4 of 323 comments (clear)

  1. What is the deal with 64 bit? by abscissa · · Score: 5, Interesting

    I must be particularly dense. I have had an AMD 64 bit desktop computer for 2 years now and I have yet to take advantage of the 64 bit features. 64-bit Windows wants fancy new drivers (none of which exist, of course) and even MS software (E.g. producer) doesn't work on it.

    So I got a Macbook pro in ... June? Will I miss out big time on 64 bit computing?

    1. Re:What is the deal with 64 bit? by necro81 · · Score: 5, Interesting

      You make a valid point that 64-bit computing isn't very useful if the software can't take advantage of it. Sure, you can get larger memory addressing, but there aren't that many machines where 32-bit's 2GB limit has come into play.

      The difference here is that Apple has been producing 64-bit software for a while. After all, the G5 processor is 64-bit, and that's been in Apple's line since summer '03. Leopard, when it comes out next year, will supposedly do a particularly good job of allowing 32- and 64-bit applications to coexist and execute at the best levels possible. I recall hearing that Apple has been reworking it's software suites to take better advantage fo 64-bit computing (rather than just recompiling to work as 32-bit applications on a 64-bit machine). So, whereas your AMD machine has barely begun to take advantage of 64-bit capabilities, the Merom-based Apple's will do so from day one.

      I don't think you'll 'miss out,' because the improvement may not be apparent for some time.

    2. Re:What is the deal with 64 bit? by Overly+Critical+Guy · · Score: 5, Interesting

      OS X Leopard will be fully 64-bit, and unlike Windows Vista, will seamlessly support 32-bit device drivers and applications, so going full 64-bit will be as simple as buying a 64-bit Mac.

      That said, your implication is correct that 64-bit really isn't as big a deal as it was hyped to be by the likes of AMD (who teamed with CryTek to put out that awful 64-bit version of Far Cry with the higher-resolution textures to trick gamers into thinking having a 64-bit address space had something to do with that and not their GPU). XCode 2.4 supports four-architecture Universal Binaries anyway, so you'll have 32-bit/64-bit PPC/Intel applications. You shouldn't worry about missing out on anything

      Besides, getting a Core 2 Duo system now would be silly when you can wait until first quarter of 2007 when Intel's Santa Rosa chipset comes out, replacing the Napa chipset used by the Core Duo. It'll have an 800Mhz bus speed upgrade that will really let the Core 2 take advantage of its power as well as ship with a new WLAN 802.11n chipset.
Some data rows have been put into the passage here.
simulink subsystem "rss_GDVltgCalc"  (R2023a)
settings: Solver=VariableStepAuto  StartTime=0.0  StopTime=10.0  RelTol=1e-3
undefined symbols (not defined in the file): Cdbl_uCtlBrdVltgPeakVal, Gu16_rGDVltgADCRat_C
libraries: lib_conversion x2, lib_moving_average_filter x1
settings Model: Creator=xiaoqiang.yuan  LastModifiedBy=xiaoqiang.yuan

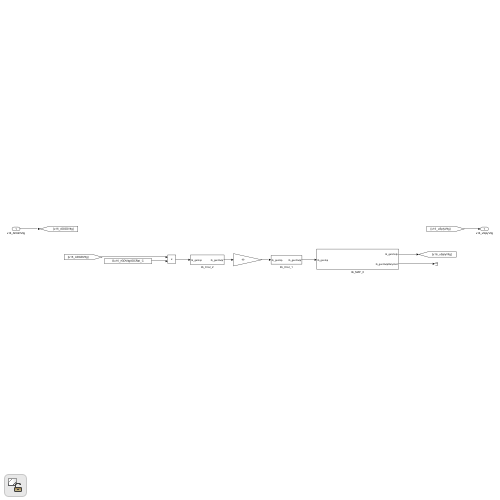
[thumbnail: Simulink's stored preview of the top-level diagram]
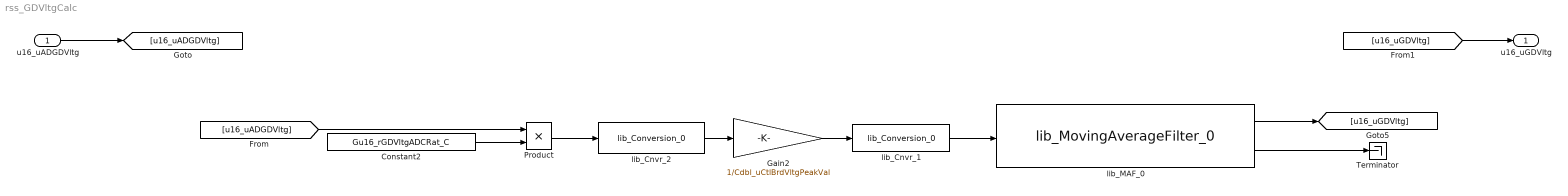
== system rss_GDVltgCalc ==
  u16_uADGDVltg : Inport  OutDataTypeStr=uint16
  Constant2 : Constant  Value=Gu16_rGDVltgADCRat_C
  Gain2 : Gain  Gain=1/Cdbl_uCtlBrdVltgPeakVal  OutDataTypeStr=Inherit: Inherit via back propagation
  Product : Product  OutDataTypeStr=Inherit: Inherit via back propagation
  Terminator : Terminator
  lib_Cnvr_1 : lib_conversion/lib_Conversion_0  lb_parDataType=dt_Standardize_u16p15b0  lb_parOutpMaxVal=[]  lb_parOutpMinVal=[]  lb_parSatFlag=off
  lib_Cnvr_2 : lib_conversion/lib_Conversion_0  lb_parDataType=fixdt(1,16)  lb_parOutpMaxVal=Cdbl_uCtlBrdVltgPeakVal  lb_parOutpMinVal=[]  RndMeth=Simplest  lb_parSatFlag=off
  lib_MAF_0 : lib_moving_average_filter/lib_MovingAverageFilter_0  lb_parSampNum=Cdbl_numGDVltgMAFSmpNum  lb_parInpSmtnDataType=fixdt(1,32,2^-19,0)
  u16_uGDVltg : Outport  OutDataTypeStr=dt_Standardize_u16p15b0
  wires:
  lib_MAF_0/1 -> [u16_uGDVltg]
  [u16_uADGDVltg] -> Product/1
  Constant2/1 -> Product/2
  Product/1 -> lib_Cnvr_2/1
  lib_Cnvr_1/1 -> lib_MAF_0/1
  lib_MAF_0/2 -> Terminator/1
  lib_Cnvr_2/1 -> Gain2/1
  Gain2/1 -> lib_Cnvr_1/1
  [u16_uGDVltg] -> u16_uGDVltg/1
  u16_uADGDVltg/1 -> [u16_uADGDVltg]

      I have an Intel iMac and an Intel MacBook, but I'm quite happy and waiting for next year's Macs before even thinking of heading to eBay. There's always something better around the corner, especially with Apple.

      --
      "Sufferin' succotash."
    3. Re:What is the deal with 64 bit? by barole · · Score: 4, Interesting
      But under standard 32-bit XP, each process gets only a 2GB address space. That is much more of a limitation than 4GB total RAM for many applications, especially since graphics drivers, etc may eat into that 2GB.

      Also, if you use an app that needs large contiguous chunks of memory, you may run into a situation where you have say 600MB of address space left, but no one chunk is larger than 200MB. Then if your app needs a 250MB chunk of memory, it will fail even though there is 600MB left.

      Going to a 64-bit address space solves these issues.